10.3.2 Pin Registration

Although all telecines move the film using the sprocket holes, at the gate where the film frame is digitized there may or may not be any registration pins to hold the film frame steady and register it accurately while it is being scanned. As a result, the video frames may wobble (gate weave) or chatter a bit, depending on how well adjusted the telecine's film transport mechanism is. In fact, if you watch the corners of your TV while a movie is playing you can sometimes actually see this gate weave. For normal TV viewing of the movie of the week, this is not a problem. For compositing, however, it is.

images

Figure 10-14: The 3:2 Pull-Down Pattern for Transferring Film to Video

You cannot composite a nice steady title or graphic over a wobbling background layer, or worse, two wobbling layers over each other. If you do not want to have to stabilize your elements before compositing (which takes time and softens the images), then you want video that was transferred on a pin-registered telecine.

10.3.3 Recommendations to the Client

Ideally, you will have a chance to talk to the client about the job before the film has been transferred to video. This way you can give the client some tips on how best to transfer the film to video for a happy compositing experience. The two big issues you want dealt with are a pin-registered telecine and no 3:2 pull-down.

A pin-registered transfer costs the client a bit more than a non-pin-registered transfer. Just point out that if you have to stabilize the video the filtering used to reposition the frame softens the image. If the client is unmoved by the reduced quality argument, then hit her with the big guns—you will charge her three times as much as a pin-registered telecine costs to stabilize the video. Voilà! A pin-registered transfer.

The other issue is the 3:2 pull-down—you don't want one because you will just have to spend time and trouble to remove it. If you are working on a Flame system it has such elegant tools for removing the 3:2 pull-down that this is not a real issue. If you are working with a generic compositing software package on a workstation, however, it is a big deal. The real problem here is actually communicating with the client. Although all digital compositors are highly qualified experts in their field, in film and video production there are, uhm, “variations” in skill levels. When talking to someone who does not even know what a 3:2 pull-down is, you may have to express the request a couple of different ways until the client gets it. Try each of the following phrases until the light bulb goes on.

  1. A 30 frame per second transfer: This is the professionally correct form of the request to the telecine operator. It means that 30 frames of film are laid down to one second of video rather than the usual 24 frames per second; hence no 3:2 pull-down is needed. This is not as bizarre a request as it might seem, since many TV commercials are actually filmed at 30 fps, then transferred to video at 30 fps.
  2. A one-to-one transfer: This would be one frame of film to one frame of video, hence no 3:2 pull-down.
  3. No cine-expand: Do not expand (stretch) the cine (film) to make the 24 film frames cover 30 video frames.
  4. No 3:2 pull-down: Could it be clearer than this?

One other telecine issue to be mindful of is over-exuberant image sharpening. When a telecine gets old, the operators might crank up the image sharpening to compensate.
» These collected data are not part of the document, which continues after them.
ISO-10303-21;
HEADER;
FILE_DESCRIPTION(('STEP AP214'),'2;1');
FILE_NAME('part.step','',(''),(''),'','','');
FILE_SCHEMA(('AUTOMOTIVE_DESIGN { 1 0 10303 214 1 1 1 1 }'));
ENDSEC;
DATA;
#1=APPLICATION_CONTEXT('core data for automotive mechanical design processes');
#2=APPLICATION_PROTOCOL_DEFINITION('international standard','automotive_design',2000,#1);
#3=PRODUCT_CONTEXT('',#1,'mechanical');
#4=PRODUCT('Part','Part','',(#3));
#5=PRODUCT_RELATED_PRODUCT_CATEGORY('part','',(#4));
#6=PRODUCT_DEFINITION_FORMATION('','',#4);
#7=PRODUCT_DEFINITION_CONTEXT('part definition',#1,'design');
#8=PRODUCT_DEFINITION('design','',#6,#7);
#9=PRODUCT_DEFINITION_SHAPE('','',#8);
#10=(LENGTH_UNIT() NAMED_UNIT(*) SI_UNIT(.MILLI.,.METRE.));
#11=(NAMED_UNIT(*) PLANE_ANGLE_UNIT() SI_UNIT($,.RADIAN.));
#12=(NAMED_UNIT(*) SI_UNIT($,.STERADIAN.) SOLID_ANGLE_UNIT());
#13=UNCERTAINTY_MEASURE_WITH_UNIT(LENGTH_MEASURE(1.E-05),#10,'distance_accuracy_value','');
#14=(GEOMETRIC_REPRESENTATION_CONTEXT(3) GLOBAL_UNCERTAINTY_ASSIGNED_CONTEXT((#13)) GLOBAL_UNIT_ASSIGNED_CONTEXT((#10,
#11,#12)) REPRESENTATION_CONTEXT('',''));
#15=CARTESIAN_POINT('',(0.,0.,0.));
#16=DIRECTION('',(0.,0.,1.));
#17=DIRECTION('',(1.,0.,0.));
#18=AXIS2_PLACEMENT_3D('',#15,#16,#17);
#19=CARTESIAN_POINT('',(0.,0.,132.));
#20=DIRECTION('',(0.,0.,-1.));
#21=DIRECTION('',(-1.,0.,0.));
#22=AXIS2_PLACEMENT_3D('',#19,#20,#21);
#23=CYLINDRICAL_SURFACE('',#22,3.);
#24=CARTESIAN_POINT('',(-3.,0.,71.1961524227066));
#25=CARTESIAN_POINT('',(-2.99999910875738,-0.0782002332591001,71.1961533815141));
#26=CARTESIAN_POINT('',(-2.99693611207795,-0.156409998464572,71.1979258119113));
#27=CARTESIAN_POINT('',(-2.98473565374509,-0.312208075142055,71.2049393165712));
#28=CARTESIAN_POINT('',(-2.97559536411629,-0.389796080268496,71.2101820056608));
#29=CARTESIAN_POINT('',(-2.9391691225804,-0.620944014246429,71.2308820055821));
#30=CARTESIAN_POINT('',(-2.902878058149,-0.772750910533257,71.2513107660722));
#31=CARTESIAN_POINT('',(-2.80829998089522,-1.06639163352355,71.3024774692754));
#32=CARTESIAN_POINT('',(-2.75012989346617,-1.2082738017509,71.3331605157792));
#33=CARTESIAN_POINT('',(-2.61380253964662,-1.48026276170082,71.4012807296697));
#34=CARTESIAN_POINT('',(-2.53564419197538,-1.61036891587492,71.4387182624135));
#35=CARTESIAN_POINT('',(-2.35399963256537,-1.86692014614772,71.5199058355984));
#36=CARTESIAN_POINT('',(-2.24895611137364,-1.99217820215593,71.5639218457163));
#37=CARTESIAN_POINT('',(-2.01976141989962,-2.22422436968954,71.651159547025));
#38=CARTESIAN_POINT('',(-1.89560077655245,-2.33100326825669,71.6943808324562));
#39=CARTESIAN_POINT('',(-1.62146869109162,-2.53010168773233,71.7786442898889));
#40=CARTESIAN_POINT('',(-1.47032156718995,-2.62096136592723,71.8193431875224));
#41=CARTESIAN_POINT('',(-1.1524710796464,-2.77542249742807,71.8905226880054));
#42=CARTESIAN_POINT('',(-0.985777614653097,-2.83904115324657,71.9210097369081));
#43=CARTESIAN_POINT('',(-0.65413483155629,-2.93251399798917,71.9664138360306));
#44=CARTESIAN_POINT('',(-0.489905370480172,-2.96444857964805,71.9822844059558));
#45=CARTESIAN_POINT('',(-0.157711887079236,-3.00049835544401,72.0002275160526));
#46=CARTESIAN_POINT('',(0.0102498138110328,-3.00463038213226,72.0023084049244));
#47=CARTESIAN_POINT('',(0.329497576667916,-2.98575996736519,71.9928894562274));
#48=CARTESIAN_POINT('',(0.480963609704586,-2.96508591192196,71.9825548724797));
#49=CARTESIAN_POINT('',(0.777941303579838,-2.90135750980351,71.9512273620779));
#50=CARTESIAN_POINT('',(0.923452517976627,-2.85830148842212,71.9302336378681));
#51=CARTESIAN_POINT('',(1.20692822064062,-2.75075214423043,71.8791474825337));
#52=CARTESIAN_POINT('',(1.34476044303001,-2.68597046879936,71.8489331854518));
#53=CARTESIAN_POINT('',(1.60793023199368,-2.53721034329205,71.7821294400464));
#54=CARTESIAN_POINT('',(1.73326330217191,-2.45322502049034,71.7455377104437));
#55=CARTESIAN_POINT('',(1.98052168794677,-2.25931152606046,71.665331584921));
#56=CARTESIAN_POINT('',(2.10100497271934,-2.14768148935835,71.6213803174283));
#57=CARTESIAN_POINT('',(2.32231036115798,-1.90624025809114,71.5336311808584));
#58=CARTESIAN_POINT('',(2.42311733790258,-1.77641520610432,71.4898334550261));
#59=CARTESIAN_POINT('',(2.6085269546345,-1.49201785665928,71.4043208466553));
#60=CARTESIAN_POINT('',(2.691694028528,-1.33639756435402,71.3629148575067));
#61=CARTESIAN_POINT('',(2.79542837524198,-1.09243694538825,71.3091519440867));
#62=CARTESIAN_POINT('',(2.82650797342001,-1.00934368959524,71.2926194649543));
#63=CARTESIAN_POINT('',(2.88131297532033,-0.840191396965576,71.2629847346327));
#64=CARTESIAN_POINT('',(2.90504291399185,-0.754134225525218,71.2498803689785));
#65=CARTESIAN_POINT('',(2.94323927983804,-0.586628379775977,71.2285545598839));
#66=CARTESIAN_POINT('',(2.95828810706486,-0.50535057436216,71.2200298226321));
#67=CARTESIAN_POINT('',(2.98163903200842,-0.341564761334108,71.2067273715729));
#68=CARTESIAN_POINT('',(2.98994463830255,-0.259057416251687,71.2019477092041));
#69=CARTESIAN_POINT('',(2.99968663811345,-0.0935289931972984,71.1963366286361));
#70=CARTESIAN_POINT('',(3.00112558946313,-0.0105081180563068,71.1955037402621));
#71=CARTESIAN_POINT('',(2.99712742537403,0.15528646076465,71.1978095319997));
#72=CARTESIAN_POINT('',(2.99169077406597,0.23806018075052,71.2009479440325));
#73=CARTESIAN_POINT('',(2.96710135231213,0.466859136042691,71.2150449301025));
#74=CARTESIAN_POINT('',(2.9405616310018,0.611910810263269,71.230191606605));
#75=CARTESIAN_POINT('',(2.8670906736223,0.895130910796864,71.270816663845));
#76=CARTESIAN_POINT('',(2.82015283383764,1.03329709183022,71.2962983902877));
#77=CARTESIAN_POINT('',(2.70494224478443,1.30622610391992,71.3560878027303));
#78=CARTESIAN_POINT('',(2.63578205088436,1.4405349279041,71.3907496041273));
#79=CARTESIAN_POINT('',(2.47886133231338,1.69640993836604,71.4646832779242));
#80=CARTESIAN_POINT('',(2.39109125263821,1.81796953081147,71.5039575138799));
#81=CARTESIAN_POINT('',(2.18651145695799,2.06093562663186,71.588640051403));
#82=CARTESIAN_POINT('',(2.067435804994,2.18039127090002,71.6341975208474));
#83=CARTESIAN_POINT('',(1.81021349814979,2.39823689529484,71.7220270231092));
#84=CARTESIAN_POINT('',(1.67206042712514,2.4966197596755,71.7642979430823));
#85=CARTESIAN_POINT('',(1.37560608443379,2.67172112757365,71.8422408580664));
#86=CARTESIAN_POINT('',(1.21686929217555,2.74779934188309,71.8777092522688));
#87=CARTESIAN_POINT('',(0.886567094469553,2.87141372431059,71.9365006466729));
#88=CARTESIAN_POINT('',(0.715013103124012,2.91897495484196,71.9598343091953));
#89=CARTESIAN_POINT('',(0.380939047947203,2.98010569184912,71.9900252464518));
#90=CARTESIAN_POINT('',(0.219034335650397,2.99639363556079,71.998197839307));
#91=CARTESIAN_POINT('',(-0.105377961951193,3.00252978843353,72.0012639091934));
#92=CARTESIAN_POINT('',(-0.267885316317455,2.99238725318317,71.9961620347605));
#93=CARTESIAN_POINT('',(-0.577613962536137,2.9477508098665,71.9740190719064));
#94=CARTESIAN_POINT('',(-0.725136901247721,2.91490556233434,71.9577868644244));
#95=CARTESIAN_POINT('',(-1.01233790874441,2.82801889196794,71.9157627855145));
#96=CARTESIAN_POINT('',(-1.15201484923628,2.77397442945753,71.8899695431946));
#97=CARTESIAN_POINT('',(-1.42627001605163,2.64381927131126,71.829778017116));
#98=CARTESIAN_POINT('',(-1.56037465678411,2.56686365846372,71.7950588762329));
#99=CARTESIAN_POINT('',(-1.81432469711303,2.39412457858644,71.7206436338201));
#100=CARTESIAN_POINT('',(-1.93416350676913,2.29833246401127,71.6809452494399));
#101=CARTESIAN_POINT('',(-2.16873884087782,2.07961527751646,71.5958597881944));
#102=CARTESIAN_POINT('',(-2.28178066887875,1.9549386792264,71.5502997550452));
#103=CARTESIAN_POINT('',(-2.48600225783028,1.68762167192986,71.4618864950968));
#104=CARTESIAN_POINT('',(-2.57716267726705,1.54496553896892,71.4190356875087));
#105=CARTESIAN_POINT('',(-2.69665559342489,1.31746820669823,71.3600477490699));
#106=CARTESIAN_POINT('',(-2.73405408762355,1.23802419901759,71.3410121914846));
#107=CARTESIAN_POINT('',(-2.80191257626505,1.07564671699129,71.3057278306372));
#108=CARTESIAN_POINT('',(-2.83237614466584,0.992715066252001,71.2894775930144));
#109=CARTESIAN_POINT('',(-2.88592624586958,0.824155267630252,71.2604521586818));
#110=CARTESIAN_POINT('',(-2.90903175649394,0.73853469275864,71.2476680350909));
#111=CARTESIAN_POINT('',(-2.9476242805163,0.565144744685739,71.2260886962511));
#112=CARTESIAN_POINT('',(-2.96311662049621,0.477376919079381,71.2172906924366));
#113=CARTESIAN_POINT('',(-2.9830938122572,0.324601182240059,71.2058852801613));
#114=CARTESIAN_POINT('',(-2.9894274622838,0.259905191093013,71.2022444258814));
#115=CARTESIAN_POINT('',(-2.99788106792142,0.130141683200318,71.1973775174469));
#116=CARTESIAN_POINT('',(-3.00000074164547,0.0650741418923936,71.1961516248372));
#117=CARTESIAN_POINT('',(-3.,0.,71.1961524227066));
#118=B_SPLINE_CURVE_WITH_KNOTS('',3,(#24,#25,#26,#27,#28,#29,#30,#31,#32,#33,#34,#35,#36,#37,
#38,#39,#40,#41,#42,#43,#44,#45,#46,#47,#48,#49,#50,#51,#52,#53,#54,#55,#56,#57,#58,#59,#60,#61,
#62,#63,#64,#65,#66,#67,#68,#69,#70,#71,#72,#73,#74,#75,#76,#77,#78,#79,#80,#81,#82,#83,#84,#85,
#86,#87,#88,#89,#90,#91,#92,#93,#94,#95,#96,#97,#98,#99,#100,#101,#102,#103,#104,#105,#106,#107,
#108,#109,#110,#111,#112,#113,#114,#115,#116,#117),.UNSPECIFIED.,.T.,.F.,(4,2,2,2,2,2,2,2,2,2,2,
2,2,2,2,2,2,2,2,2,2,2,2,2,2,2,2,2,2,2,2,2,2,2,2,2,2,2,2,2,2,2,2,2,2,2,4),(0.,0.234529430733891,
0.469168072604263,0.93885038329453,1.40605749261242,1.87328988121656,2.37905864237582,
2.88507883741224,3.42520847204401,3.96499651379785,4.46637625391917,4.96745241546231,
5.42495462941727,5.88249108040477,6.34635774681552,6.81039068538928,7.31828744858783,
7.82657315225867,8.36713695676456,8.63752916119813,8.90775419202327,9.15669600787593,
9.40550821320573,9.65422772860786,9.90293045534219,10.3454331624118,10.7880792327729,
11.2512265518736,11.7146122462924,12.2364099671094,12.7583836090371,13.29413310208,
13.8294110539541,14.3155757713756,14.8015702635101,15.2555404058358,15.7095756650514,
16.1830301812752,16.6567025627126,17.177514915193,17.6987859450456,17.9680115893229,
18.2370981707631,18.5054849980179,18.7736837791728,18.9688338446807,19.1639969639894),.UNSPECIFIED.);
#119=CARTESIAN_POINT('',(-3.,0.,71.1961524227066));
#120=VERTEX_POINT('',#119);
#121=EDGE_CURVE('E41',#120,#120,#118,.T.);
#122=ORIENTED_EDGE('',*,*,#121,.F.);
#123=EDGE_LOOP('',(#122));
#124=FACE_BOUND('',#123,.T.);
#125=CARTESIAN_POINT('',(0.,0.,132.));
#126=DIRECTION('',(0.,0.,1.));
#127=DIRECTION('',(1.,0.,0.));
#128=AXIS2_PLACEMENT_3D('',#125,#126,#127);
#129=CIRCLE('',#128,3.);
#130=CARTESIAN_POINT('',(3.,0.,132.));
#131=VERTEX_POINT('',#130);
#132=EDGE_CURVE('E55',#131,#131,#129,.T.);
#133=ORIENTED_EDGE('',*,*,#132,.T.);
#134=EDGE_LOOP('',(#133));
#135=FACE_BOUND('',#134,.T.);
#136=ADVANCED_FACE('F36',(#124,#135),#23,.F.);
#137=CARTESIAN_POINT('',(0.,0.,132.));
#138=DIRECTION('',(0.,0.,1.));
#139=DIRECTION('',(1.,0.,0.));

This can introduce ringing edge artifacts and also punch up the grain, which will be much more noticeable on a still frame on your workstation than on the moving footage on a video monitor. Advise the client to make sure this is not overdone because there is no image processing algorithm that can back out this edge artifact.

There is also noise reduction. This is another adjustable setting on the telecine process. While it is reducing noise (grain) in the transferred video, it also softens the image, so it must not be overdone, either. If the video needs softening, it is better to do it on the workstation where it can be tweaked as necessary. If it is laid into the video at telecine, you are stuck with it. Another artifact that excessive noise reduction can introduce is a “ghost” printing of one frame over the next.

Advise the client to make sure that the telecine transfer is as optimized as it can be for the following digital compositing operations. This way you won't inherit a set of utterly avoidable problems at the workstation that increases your production time (increasing costs) and lowers overall quality.

10.4 Working with Video

Now we will take all of the fascinating things we have learned about how video works and see how to work around all of the problems that video introduces to compositing and digital manipulation. Now that you know all about interlacing, we will see how to get rid of it. Now that you understand the 3:2 pull-down, we will see how to pull it up. And now that you are comfortable with non-square pixels, we will develop ways to work around them.

All of the following procedures and techniques are intended for compositors working with video frames on a conventional workstation with some brand of compositing software. If you are using Flame or an online video effects system such as a Harry you could actually skip this section, because they have internal automatic processes to hide the complexity of video from the operators.

10.4.1 De-Interlacing

If the video was mastered (shot) on video, the video frames are all interlaced and will probably need to be de-interlaced before you can proceed. If you are simply going to pull mattes, color correct, and composite, then de-interlacing won't be necessary. De-interlacing is necessary if there is any filtering of the pixels. Filtering (re-sampling) operations are used in translations, scales, rotations, blurs, and sharpening. Integer pixel shift operations such as moving the image up one scan line or over two pixels do not require filtering. To convince yourself of the need for de-interlacing, just take an action frame of interlaced video with visible motion blur and rotate it 5 degrees and observe the carnage.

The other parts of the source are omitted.